● DATA LISTING
────────────────────
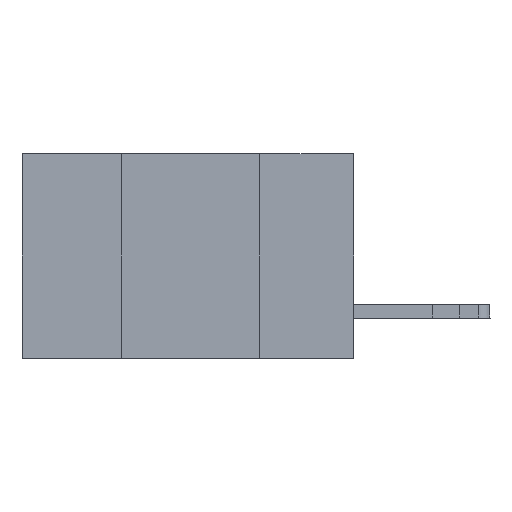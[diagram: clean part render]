
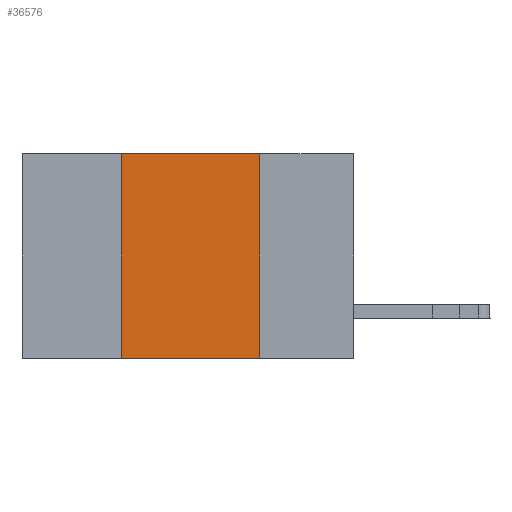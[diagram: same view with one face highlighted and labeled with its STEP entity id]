
A CAD part, left-side view. The second image highlights one B-rep face of the part: STEP entity #36576.
In plain terms, the highlighted planar face has unit normal (-1, 0, 0).
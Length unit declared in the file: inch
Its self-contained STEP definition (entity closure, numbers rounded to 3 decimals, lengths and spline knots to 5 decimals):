
#2612 = CARTESIAN_POINT ( 'NONE',  ( 0., 0.42, 0. ) ) ;
#2787 = ORIENTED_EDGE ( 'NONE', *, *, #22672, .F. ) ;
#4580 = CARTESIAN_POINT ( 'NONE',  ( 0., 0.42, -0.37 ) ) ;
#4705 = LINE ( 'NONE', #8372, #11690 ) ;
#4863 = EDGE_CURVE ( 'NONE', #23708, #12911, #15887, .T. ) ;
#6482 = LINE ( 'NONE', #25833, #29690 ) ;
#7443 = LINE ( 'NONE', #19186, #19041 ) ;
#8328 = DIRECTION ( 'NONE',  ( 0., -1., 0. ) ) ;
#8372 = CARTESIAN_POINT ( 'NONE',  ( 0., 0.17, 0. ) ) ;
#11613 = DIRECTION ( 'NONE',  ( 0., 0., -1. ) ) ;
#11690 = VECTOR ( 'NONE', #17769, 39.37008 ) ;
#11747 = DIRECTION ( 'NONE',  ( 1., 0., 0. ) ) ;
#12307 = EDGE_CURVE ( 'NONE', #12911, #32274, #7443, .T. ) ;
#12534 = EDGE_CURVE ( 'NONE', #23708, #32029, #6482, .T. ) ;
#12911 = VERTEX_POINT ( 'NONE', #24025 ) ;
#15092 = FACE_OUTER_BOUND ( 'NONE', #36505, .T. ) ;
#15762 = ORIENTED_EDGE ( 'NONE', *, *, #12307, .F. ) ;
#15887 = LINE ( 'NONE', #2612, #16379 ) ;
#16379 = VECTOR ( 'NONE', #20620, 39.37008 ) ;
#17769 = DIRECTION ( 'NONE',  ( 0., 0., -1. ) ) ;
#19041 = VECTOR ( 'NONE', #28128, 39.37008 ) ;
#19186 = CARTESIAN_POINT ( 'NONE',  ( 0., 0.6, 0. ) ) ;
#20620 = DIRECTION ( 'NONE',  ( 0., 0., 1. ) ) ;
#22672 = EDGE_CURVE ( 'NONE', #32274, #32029, #4705, .T. ) ;
#23659 = PLANE ( 'NONE',  #34085 ) ;
#23708 = VERTEX_POINT ( 'NONE', #4580 ) ;
#24025 = CARTESIAN_POINT ( 'NONE',  ( 0., 0.42, 0. ) ) ;
#25436 = CARTESIAN_POINT ( 'NONE',  ( 0., 0.17, 0. ) ) ;
#25833 = CARTESIAN_POINT ( 'NONE',  ( 0., 0.6, -0.37 ) ) ;
#28128 = DIRECTION ( 'NONE',  ( 0., -1., 0. ) ) ;
#29690 = VECTOR ( 'NONE', #8328, 39.37008 ) ;
#32029 = VERTEX_POINT ( 'NONE', #35757 ) ;
#32274 = VERTEX_POINT ( 'NONE', #25436 ) ;
#32461 = ORIENTED_EDGE ( 'NONE', *, *, #4863, .F. ) ;
#34085 = AXIS2_PLACEMENT_3D ( 'NONE', #38085, #11747, #11613 ) ;
#34762 = ORIENTED_EDGE ( 'NONE', *, *, #12534, .T. ) ;
#35757 = CARTESIAN_POINT ( 'NONE',  ( 0., 0.17, -0.37 ) ) ;
#36505 = EDGE_LOOP ( 'NONE', ( #2787, #15762, #32461, #34762 ) ) ;
#36576 = ADVANCED_FACE ( 'NONE', ( #15092 ), #23659, .F. ) ;
#38085 = CARTESIAN_POINT ( 'NONE',  ( 0., 0.6, 0. ) ) ;
────────────────────
Determine how many lines in the entries hold the string "VECTOR". Write only the number.

4